By - May 11th, 2017 01:24 pm
Carl Quindel, owner of Strong Blocks. Photo by Grace Fuhr.

Carl Quindel, owner of Strong Blocks. Photo by Grace Fuhr.

Like many American cities, Milwaukee face a crisis of affordable housing and homeownership for its lower income residents.

Owning a home, or having equity in a home, has long been the bedrock of the American middle class. Achieving this has become harder, especially after the mortgage crisis of the last decade and changes that tightened credit.

Simply put, “It’s difficult to get a mortgage right now,” says Carl Quindel, owner of Strong Blocks, a new rent-to-own company.

Quindel’s company offers an easier way, for some, to eventually buy a home.

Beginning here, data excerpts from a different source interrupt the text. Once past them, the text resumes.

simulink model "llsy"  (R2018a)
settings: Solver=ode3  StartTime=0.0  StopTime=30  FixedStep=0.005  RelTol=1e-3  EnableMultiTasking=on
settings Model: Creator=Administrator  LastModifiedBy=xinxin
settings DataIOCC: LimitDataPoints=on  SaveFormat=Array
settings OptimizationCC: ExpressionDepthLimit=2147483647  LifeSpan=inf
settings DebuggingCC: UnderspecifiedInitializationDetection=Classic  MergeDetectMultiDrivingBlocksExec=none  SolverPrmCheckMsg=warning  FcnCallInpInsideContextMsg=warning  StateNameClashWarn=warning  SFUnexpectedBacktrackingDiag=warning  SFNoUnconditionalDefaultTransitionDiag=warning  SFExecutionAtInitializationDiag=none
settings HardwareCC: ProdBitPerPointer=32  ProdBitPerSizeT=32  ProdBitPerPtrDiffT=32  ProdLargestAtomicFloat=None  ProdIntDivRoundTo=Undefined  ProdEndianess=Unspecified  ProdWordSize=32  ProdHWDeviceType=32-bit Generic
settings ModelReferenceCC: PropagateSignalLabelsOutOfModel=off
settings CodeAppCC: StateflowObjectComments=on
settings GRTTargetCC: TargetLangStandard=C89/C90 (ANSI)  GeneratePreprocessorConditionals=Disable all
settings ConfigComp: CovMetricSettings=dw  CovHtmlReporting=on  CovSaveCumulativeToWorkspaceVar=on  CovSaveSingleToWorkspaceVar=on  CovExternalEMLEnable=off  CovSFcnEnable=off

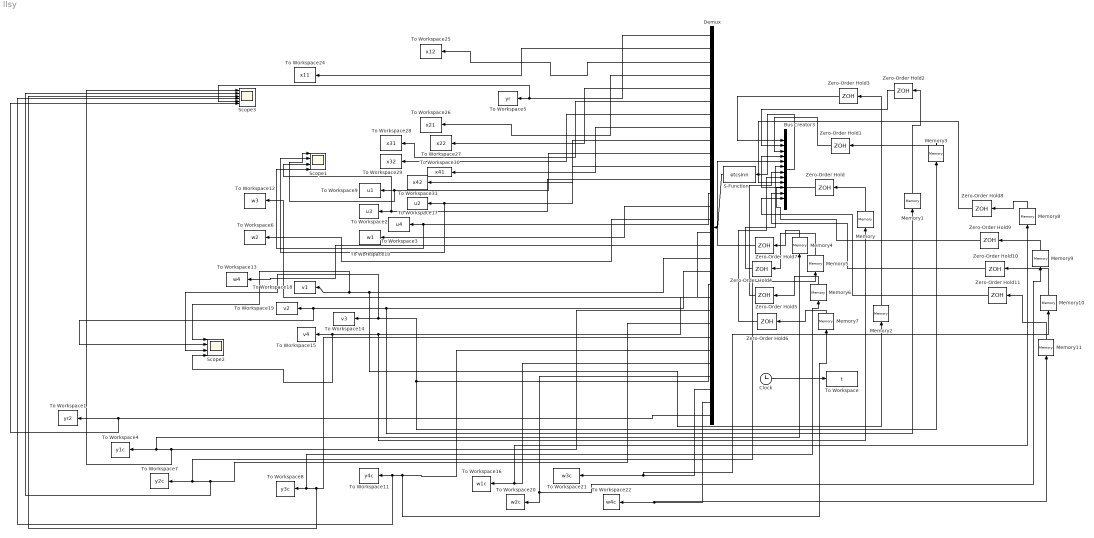
== system llsy ==
  Bus Creator3 : BusCreator  Inputs=12
  Clock : Clock
      settings: Decimation=20
  Demux : Demux  Outputs=30
  Memory{,4..11} (9 alike) : Memory  InheritSampleTime=on  LinearizeMemory=on  LinearizeAsDelay=on
  Memory1 : Memory
  Memory2 : Memory
  Memory3 : Memory
  S-Function : S-Function  FunctionName=etcsinn  SFunctionDeploymentMode=off  EnableBusSupport=off
  Scope1 : Scope  NumInputPorts=4
  Scope2 : Scope  NumInputPorts=4
  Scope3 : Scope  NumInputPorts=6
  To Workspace : ToWorkspace  VariableName=t  SampleTime=-1
  To Workspace1 : ToWorkspace  VariableName=yr2  SampleTime=-1
  To Workspace10 : ToWorkspace  VariableName=w1  SampleTime=-1
  To Workspace11 : ToWorkspace  VariableName=y4c  SampleTime=-1
  To Workspace12 : ToWorkspace  VariableName=w3  SampleTime=-1
  To Workspace13 : ToWorkspace  VariableName=w4  SampleTime=-1
  To Workspace14 : ToWorkspace  VariableName=v3  SampleTime=-1
  To Workspace15 : ToWorkspace  VariableName=v4  SampleTime=-1
  To Workspace16 : ToWorkspace  VariableName=w1c  SampleTime=-1
  To Workspace17 : ToWorkspace  VariableName=u2  SampleTime=-1
  To Workspace18 : ToWorkspace  VariableName=v1  SampleTime=-1
  To Workspace19 : ToWorkspace  VariableName=v2  SampleTime=-1
  To Workspace2 : ToWorkspace  VariableName=u3  SampleTime=-1
  To Workspace20 : ToWorkspace  VariableName=w2c  SampleTime=-1
  To Workspace21 : ToWorkspace  VariableName=w3c  SampleTime=-1
  To Workspace22 : ToWorkspace  VariableName=w4c  SampleTime=-1
  To Workspace24 : ToWorkspace  VariableName=x11  SampleTime=-1
  To Workspace25 : ToWorkspace  VariableName=x12  SampleTime=-1
  To Workspace26 : ToWorkspace  VariableName=x21  SampleTime=-1
  To Workspace27 : ToWorkspace  VariableName=x22  SampleTime=-1
  To Workspace28 : ToWorkspace  VariableName=x31  SampleTime=-1
  To Workspace29 : ToWorkspace  VariableName=x32  SampleTime=-1
  To Workspace3 : ToWorkspace  VariableName=u4  SampleTime=-1
  To Workspace30 : ToWorkspace  VariableName=x41  SampleTime=-1
  To Workspace31 : ToWorkspace  VariableName=x42  SampleTime=-1
  To Workspace4 : ToWorkspace  VariableName=y1c  SampleTime=-1
  To Workspace5 : ToWorkspace  VariableName=yr  SampleTime=-1
  To Workspace6 : ToWorkspace  VariableName=w2  SampleTime=-1
  To Workspace7 : ToWorkspace  VariableName=y2c  SampleTime=-1
  To Workspace8 : ToWorkspace  VariableName=y3c  SampleTime=-1
  To Workspace9 : ToWorkspace  VariableName=u1  SampleTime=-1
  Zero-Order Hold{,1..11} (12 alike) : ZeroOrderHold  SampleTime=0.005
  wires:
  Clock/1 -> To Workspace/1
  S-Function/1 -> Demux/1
  Bus Creator3/1 -> S-Function/1
  Memory1/1 -> Zero-Order Hold2/1
  Memory2/1 -> Zero-Order Hold3/1
  Memory3/1 -> Zero-Order Hold1/1
  Memory/1 -> Zero-Order Hold/1
  Zero-Order Hold1/1 -> Bus Creator3/3
  Zero-Order Hold/1 -> Bus Creator3/4
  Zero-Order Hold3/1 -> Bus Creator3/1
  Demux/1 -> Scope3/5, To Workspace5/1
  Demux/3 -> To Workspace25/1
  Demux/5 -> To Workspace27/1
  Demux/6 -> To Workspace28/1
  Demux/7 -> To Workspace29/1
  Demux/8 -> To Workspace30/1
  Demux/9 -> To Workspace31/1
  Demux/10 -> Scope1/1, To Workspace9/1
  Demux/11 -> Scope1/2, To Workspace17/1
  Demux/12 -> Scope1/3, To Workspace2/1
  Demux/13 -> Scope1/4, To Workspace3/1
  Demux/18 -> Memory2/1, Scope2/1, To Workspace18/1
  Demux/19 -> Memory1/1, Scope2/2, To Workspace19/1
  Demux/20 -> Scope2/3, To Workspace14/1, Memory3/1
  Demux/21 -> Memory/1, Scope2/4, To Workspace15/1
  Zero-Order Hold2/1 -> Bus Creator3/2
  Demux/2 -> To Workspace24/1
  Demux/4 -> To Workspace26/1
  Demux/14 -> To Workspace10/1
  Demux/15 -> To Workspace6/1
  Demux/16 -> To Workspace12/1
  Demux/17 -> To Workspace13/1
  Demux/27 -> Memory9/1, To Workspace20/1
  Demux/22 -> Scope3/1, Memory4/1, To Workspace4/1
  Demux/23 -> Scope3/2, Memory5/1, To Workspace7/1
  Demux/24 -> Scope3/3, Memory6/1, To Workspace8/1
  Demux/25 -> Memory7/1, Scope3/4, To Workspace11/1
  Demux/26 -> Memory8/1, To Workspace16/1
  Demux/28 -> Memory10/1, To Workspace21/1
  Demux/29 -> Memory11/1, To Workspace22/1
  Demux/30 -> Scope3/6, To Workspace1/1
  Memory4/1 -> Zero-Order Hold7/1
  Zero-Order Hold7/1 -> Bus Creator3/5
  Zero-Order Hold4/1 -> Bus Creator3/6
  Memory5/1 -> Zero-Order Hold4/1
  Zero-Order Hold5/1 -> Bus Creator3/7
  Memory6/1 -> Zero-Order Hold5/1
  Zero-Order Hold6/1 -> Bus Creator3/8
  Memory7/1 -> Zero-Order Hold6/1
  Zero-Order Hold8/1 -> Bus Creator3/9
  Memory8/1 -> Zero-Order Hold8/1
  Zero-Order Hold9/1 -> Bus Creator3/10
  Memory9/1 -> Zero-Order Hold9/1
  Zero-Order Hold10/1 -> Bus Creator3/11
  Memory10/1 -> Zero-Order Hold10/1
  Zero-Order Hold11/1 -> Bus Creator3/12
  Memory11/1 -> Zero-Order Hold11/1

Quindel was the executive director of ACTS Housing, a real estate brokerage firm that helps families purchase homes, from 2007 to 2015. It was there that he realized city residents needed other options for getting into a home.

He said ACTS was seeing about 2,000 people a year and getting only 100 to 150 into a house. Upon further review of these families, he concluded that their credit rating was often a problem and that “250 families a year could benefit from six to 18 months to work on their credit to get a mortgage from the banks.”

Someone that goes through Quindel’s company will have the right to purchase the home they are renting, and can either put down a lump sum of cash or use portions of their rent for a future down payment on the home.

Michael Williams, a CNC machinist at Snap-On Tools, was Strong Blocks first success story. He says he became interested in owning his own home a few years ago, but didn’t have the credit or cash to put down on a mortgage.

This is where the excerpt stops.